Sunday, May 15, 2011

The Milky Way




      My son said, Dad, God turns on the streetlights. We were coming off a country road into a built up area around dark and the streetlights had just come on. He said it right away, look Dad! He might have been six years old. His Mother had made a wise decision to put him into a Catholic French immersion program where he experienced some great teachers and a little bit of religion. I guess he made some kind of a connection between God and light. I didn't dissuade him. You  know, really you can make a good theological argument for God turning on the streetlights. I remember the comment from the little fella because it came from that sacred place of childhood imagination.
     Out on the farm we could look up on a clear night and see the universe. Underneath the universe long distance planes etched fine lines north to south and all points of the compass. It was sort of like they were tickling the under belly of infinity. (And beyond!) The Kid and me standing on the back stoop on a clear night could see the great swath of stars and unseen worlds, (unseen except in the imagination) the cosmic footpath of light just around the corner at a few million light years. The Milky Way! Who really turned on those lights I wonder?
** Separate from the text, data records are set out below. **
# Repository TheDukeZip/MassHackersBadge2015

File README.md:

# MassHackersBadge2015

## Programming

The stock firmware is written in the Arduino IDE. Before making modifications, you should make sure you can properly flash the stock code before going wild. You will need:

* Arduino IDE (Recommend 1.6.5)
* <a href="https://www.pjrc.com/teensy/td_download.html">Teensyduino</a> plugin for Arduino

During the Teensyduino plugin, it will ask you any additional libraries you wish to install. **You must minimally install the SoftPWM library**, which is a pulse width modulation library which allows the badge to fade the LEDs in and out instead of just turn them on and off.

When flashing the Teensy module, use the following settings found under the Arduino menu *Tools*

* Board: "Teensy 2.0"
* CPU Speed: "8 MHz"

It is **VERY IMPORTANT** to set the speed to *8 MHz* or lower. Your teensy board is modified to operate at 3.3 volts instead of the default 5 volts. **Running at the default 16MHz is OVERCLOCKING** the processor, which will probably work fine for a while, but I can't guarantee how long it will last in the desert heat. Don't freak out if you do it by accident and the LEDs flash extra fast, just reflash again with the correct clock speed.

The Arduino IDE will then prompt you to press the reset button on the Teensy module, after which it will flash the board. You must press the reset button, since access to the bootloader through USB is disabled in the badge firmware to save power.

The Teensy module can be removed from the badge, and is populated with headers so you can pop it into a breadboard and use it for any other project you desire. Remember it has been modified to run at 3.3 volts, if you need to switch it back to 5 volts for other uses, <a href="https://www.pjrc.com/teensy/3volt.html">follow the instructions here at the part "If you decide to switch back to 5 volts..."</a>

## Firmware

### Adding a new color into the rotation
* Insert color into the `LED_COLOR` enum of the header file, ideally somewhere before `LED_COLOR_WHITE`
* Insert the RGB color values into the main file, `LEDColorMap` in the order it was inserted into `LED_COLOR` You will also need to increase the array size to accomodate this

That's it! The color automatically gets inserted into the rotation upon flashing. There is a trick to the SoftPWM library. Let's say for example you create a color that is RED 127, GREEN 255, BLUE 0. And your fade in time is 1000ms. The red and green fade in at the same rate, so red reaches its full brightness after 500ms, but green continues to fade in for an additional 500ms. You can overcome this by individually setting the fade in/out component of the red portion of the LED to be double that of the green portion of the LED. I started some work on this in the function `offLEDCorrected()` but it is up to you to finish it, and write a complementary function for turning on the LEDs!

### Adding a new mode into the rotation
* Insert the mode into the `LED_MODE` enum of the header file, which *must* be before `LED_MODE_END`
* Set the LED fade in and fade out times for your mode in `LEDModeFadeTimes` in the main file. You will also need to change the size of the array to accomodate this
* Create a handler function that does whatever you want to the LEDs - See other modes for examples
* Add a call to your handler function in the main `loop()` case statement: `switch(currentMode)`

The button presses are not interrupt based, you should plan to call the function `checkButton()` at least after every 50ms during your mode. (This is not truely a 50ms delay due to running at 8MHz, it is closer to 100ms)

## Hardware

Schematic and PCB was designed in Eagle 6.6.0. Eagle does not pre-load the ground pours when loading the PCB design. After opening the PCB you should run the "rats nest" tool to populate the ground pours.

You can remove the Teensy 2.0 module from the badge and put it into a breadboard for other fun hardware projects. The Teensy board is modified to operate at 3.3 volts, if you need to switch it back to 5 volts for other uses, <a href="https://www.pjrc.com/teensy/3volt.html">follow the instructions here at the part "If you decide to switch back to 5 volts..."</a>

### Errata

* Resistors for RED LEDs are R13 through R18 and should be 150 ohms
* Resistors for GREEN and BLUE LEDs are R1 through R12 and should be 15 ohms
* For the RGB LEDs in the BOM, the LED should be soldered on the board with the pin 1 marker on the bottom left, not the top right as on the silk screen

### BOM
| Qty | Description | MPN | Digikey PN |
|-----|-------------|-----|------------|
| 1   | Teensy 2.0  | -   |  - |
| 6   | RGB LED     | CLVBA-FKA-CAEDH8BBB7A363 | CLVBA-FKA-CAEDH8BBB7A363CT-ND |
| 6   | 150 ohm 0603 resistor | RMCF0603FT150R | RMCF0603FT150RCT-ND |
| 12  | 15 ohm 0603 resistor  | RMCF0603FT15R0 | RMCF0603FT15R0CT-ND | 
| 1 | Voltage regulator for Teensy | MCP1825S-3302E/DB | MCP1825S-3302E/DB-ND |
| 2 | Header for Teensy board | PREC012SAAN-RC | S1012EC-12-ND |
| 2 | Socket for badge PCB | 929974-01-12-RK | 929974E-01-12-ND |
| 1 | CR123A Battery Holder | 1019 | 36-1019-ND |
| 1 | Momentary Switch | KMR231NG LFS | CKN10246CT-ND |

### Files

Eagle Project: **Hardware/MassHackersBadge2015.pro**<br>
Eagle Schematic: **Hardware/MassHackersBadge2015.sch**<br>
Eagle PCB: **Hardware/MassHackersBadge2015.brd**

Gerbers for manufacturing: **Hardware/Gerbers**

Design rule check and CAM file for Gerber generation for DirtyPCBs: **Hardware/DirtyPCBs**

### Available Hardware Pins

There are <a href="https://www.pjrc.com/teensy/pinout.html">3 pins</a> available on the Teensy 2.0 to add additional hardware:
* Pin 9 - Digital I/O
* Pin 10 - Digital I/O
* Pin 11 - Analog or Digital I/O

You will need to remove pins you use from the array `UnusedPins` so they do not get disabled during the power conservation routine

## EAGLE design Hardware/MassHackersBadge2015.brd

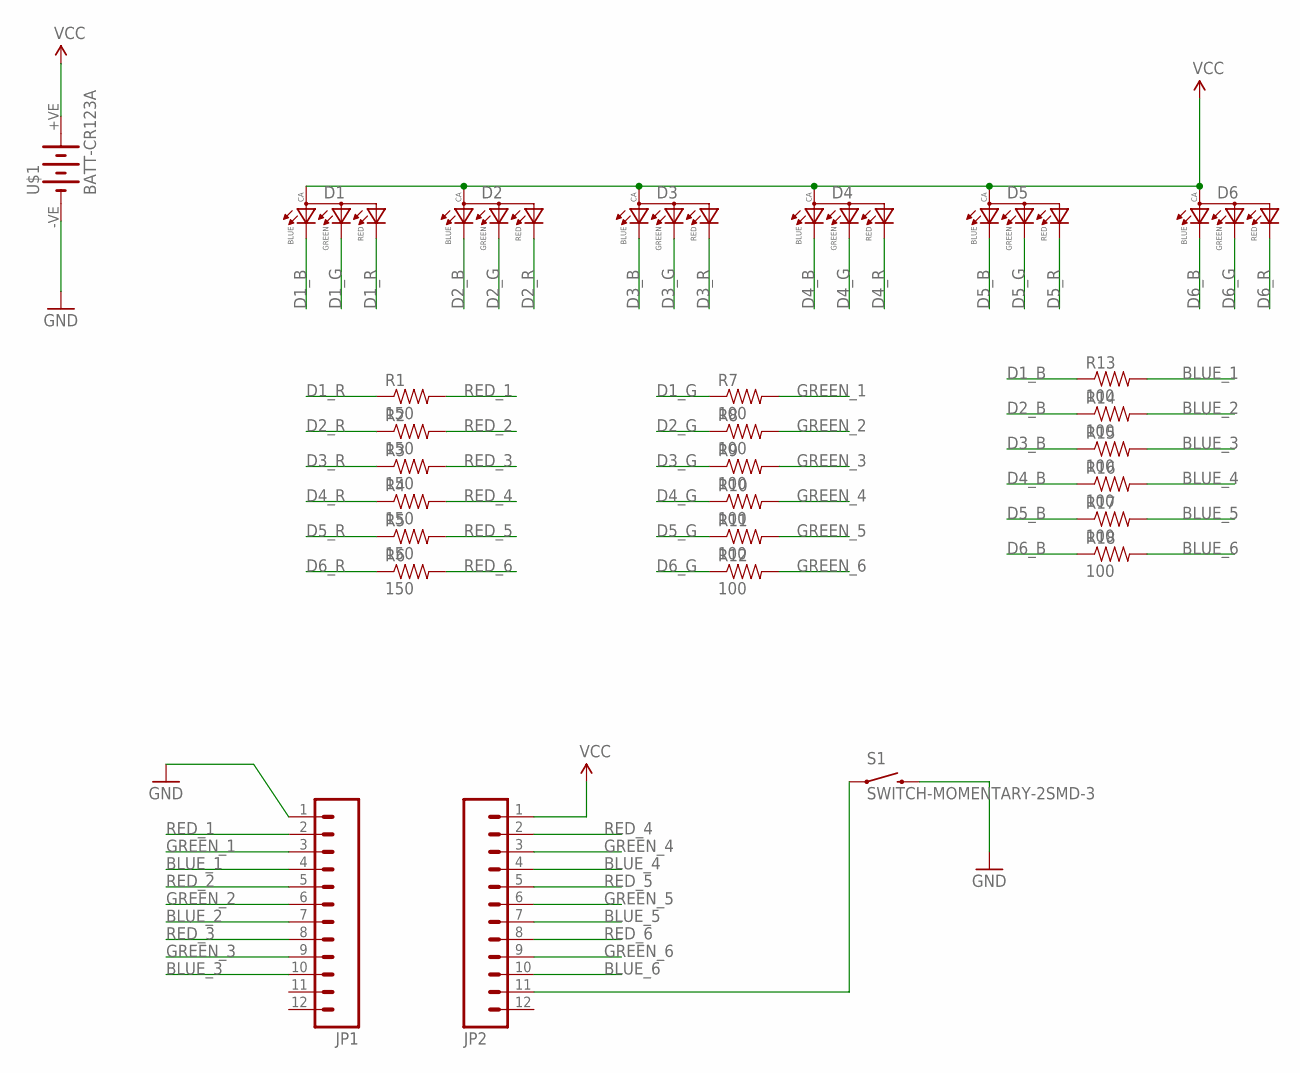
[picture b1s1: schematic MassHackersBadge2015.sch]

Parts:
D1, D2, D3, D4, D5, D6: 0.13_RGB_LEDPLCC; P-LCC-4-3
JP1, JP2: M12PTH; 1X12
R1, R2, R3, R4, R5, R6: 150; 0603-RES
R7, R8, R9, R10, R11, R12, R13, R14, R15, R16, R17, R18: 100; 0603-RES
S1: SWITCH-MOMENTARY-2SMD-3; TACTILE_SWITCH_SMD-3
U$1: BATT-CR123A; KEYSTONE-2/3A

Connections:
BLUE_1: JP1.4, R13.2
BLUE_2: JP1.7, R14.2
BLUE_3: JP1.10, R15.2
BLUE_4: JP2.4, R16.2
BLUE_5: JP2.7, R17.2
BLUE_6: JP2.10, R18.2
D1_B: D1.3 (BLUE), R13.1
D1_G: D1.2 (GREEN), R7.1
D1_R: D1.1 (RED), R1.1
D2_B: D2.3 (BLUE), R14.1
D2_G: D2.2 (GREEN), R8.1
D2_R: D2.1 (RED), R2.1
D3_B: D3.3 (BLUE), R15.1
D3_G: D3.2 (GREEN), R9.1
D3_R: D3.1 (RED), R3.1
D4_B: D4.3 (BLUE), R16.1
D4_G: D4.2 (GREEN), R10.1
D4_R: D4.1 (RED), R4.1
D5_B: D5.3 (BLUE), R17.1
D5_G: D5.2 (GREEN), R11.1
D5_R: D5.1 (RED), R5.1
D6_B: D6.3 (BLUE), R18.1
D6_G: D6.2 (GREEN), R12.1
D6_R: D6.1 (RED), R6.1
GND: JP1.1, S1.4 (2), U$1.-VE (-)
GREEN_1: JP1.3, R7.2
GREEN_2: JP1.6, R8.2
GREEN_3: JP1.9, R9.2
GREEN_4: JP2.3, R10.2
GREEN_5: JP2.6, R11.2
GREEN_6: JP2.9, R12.2
unnamed: JP2.11, S1.1
RED_1: JP1.2, R1.2
RED_2: JP1.5, R2.2
RED_3: JP1.8, R3.2
RED_4: JP2.2, R4.2
RED_5: JP2.5, R5.2
RED_6: JP2.8, R6.2
VCC: D1.4 (ANODE), D2.4 (ANODE), D3.4 (ANODE), D4.4 (ANODE), D5.4 (ANODE), D6.4 (ANODE), JP2.1, U$1.+VE (+)

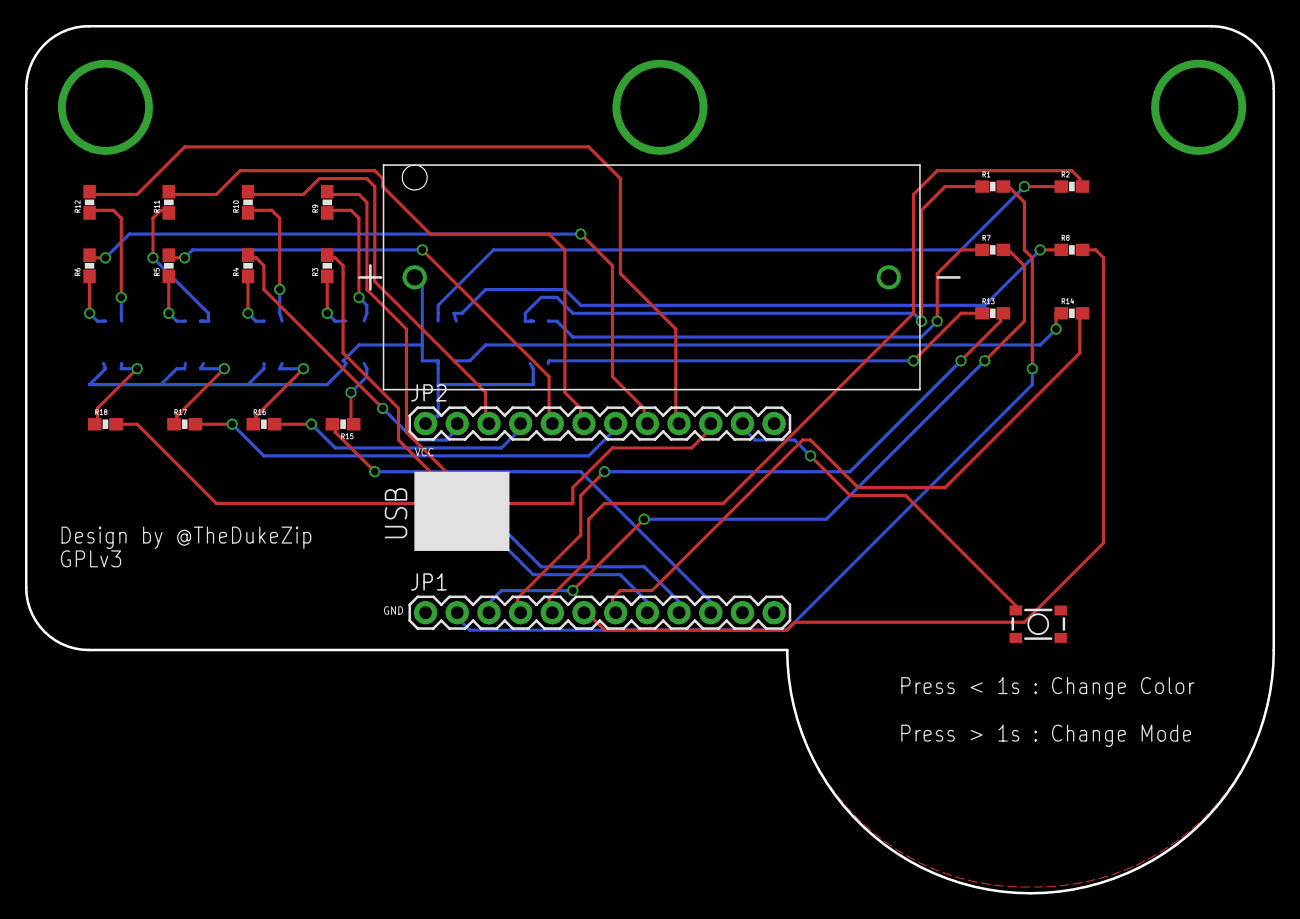
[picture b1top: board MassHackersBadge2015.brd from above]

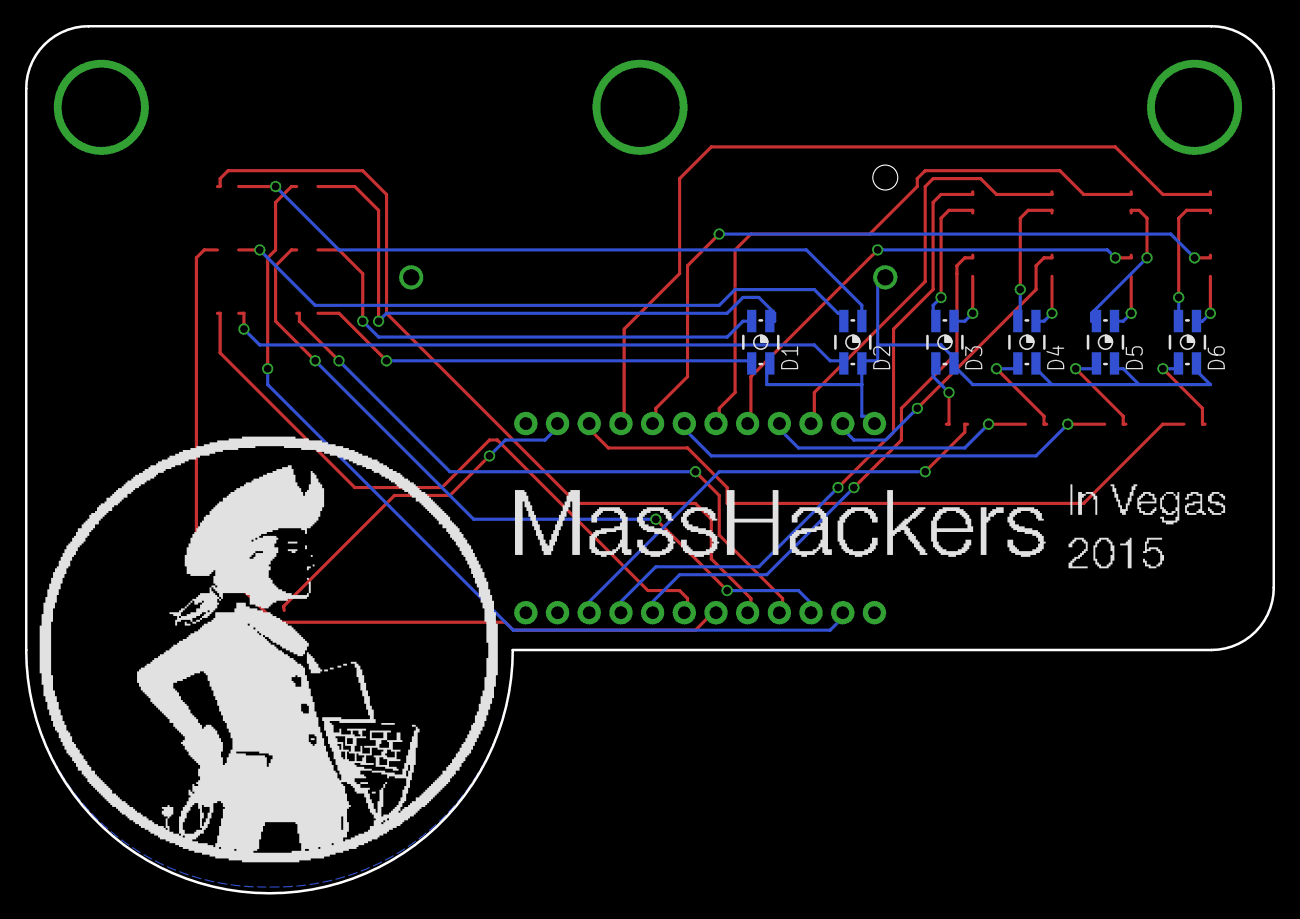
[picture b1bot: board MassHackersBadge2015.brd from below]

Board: 2 copper layers, 100.0 x 69.5 mm, 28 parts (6 on the bottom side), 39 nets.

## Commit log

2015-07-15 Preview readme
2015-08-01 Initial checkin
2015-08-01 README cleanup

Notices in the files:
Hardware/MassHackersBadge2015.brd:
GPLv3
parts and their libraries:
SparkFun-Connectors: Licensing: Creative Commons ShareAlike 4.0 International - https://creativecommons.org/licenses/by-sa/4.0
eagle-library-edeca.net-v5: This is v1 and is licensed under the Creative Commons (Attribution-Non-Commercial-Share Alike 2.0 UK)

     In Parkdale the sky drifting over the sharp edged buildings isn’t much to look at. It’s kind of soupy at times, other times it's just plain washed out. In our Parkdalian version of the sky there’s not much up there to inspire you beyond the basic orbs. Maybe some guy in a light plane trailing a banner over the Sky Dome. Turbo props taking off from Billy Bishop. Once a year the CNE brings American made jets to town and scares the bejesus out of the local bird population. The Big Smoke including Parkdale is more about looking down, looking away, looking at your reflection in the plate glass. But that’s OK.  Parkdale has its own Milky Way to inspire a little bit of wonder. I mean if you've managed to hang on to a little of that sacred imagination!



     The Milky Way is a lane that runs parallel to Queen from Dufferin to Cowan, about two and a half City blocks. It’s a narrow passage with graffiti and tagging, ragged trees growing out of concrete, a concrete road, broken and in need of repair in places. The lane is a short cut option if you believe short cuts in the City actually get you anywhere faster. It's not much used during the day. After dark might be another question. In fact wait just a minute! Yikes! Suddenly, even as I write, a deadly night has fallen and it is filled with ominous portents of evil! OMG! What is happening?


     An oily mist oozes along the lane. Overhead staccato bursts of lightening are etched in a sky bruised yellow and purple. The air is sharp with the smell of ozone. There is a macabre pit-a-pat of hail on the slanted roofs. Ice pellets bounce in the lane like a army of fleeing marbles. A leprous looking rat skitters along a wall and dives through a chain-link fence. They come marching in, metallic green grey helmets, robed in sulphurous black. It's the  Samurai-Vader mob that has been plaguing the Milky Way. They are grim and determined. Whipped on by their relentless master they exude the stench of cruelty.
     With the Samurai-Vader mob The Way has suddenly fallen on hard times. The hail ebbs into the sewage drains. The lane is quiet and eerie. The mob taut and restless. Night has sunk into the deep pit of its own lurid propensity for evil. OMG. I can't believe this is happening! Is there no Way Out?Will the dark tide of lawlessness rule in Parkdale? Is there no one to show us The Way of Hope in The Milky Way
     But wait! Do I not hear the William Tell Overture? The ground shakes. A benevolent breeze wafts down the lane. What is this I see? Who is that riding to the rescue on a multicoloured Triceratops and wearing the Aluminum Helmet of Justice and the Golden Sword of Truth? Is that not the Silver Sceptre of Peace and Harmony? Perhaps all is not lost. Perhaps Hope has come to the The Milky Way after all! Who is that Kid?



Nunc adhibetur iocum


    
      Paddy, after a long day quaffing at his local, staggers into a Catholic Church. He enters a confessional booth and sits down. He doesn’t say a word, but manages a few pathetic groans. The Priest, impatient for the penitent to unburden himself of his sins, coughs a few times to get his attention. Paddy continues to groan. Finally, the Priest, out of patience, pounds three times on the wall. Paddy, annoyed, barks at the priest, shut up over there youse, there's no paper on this side either.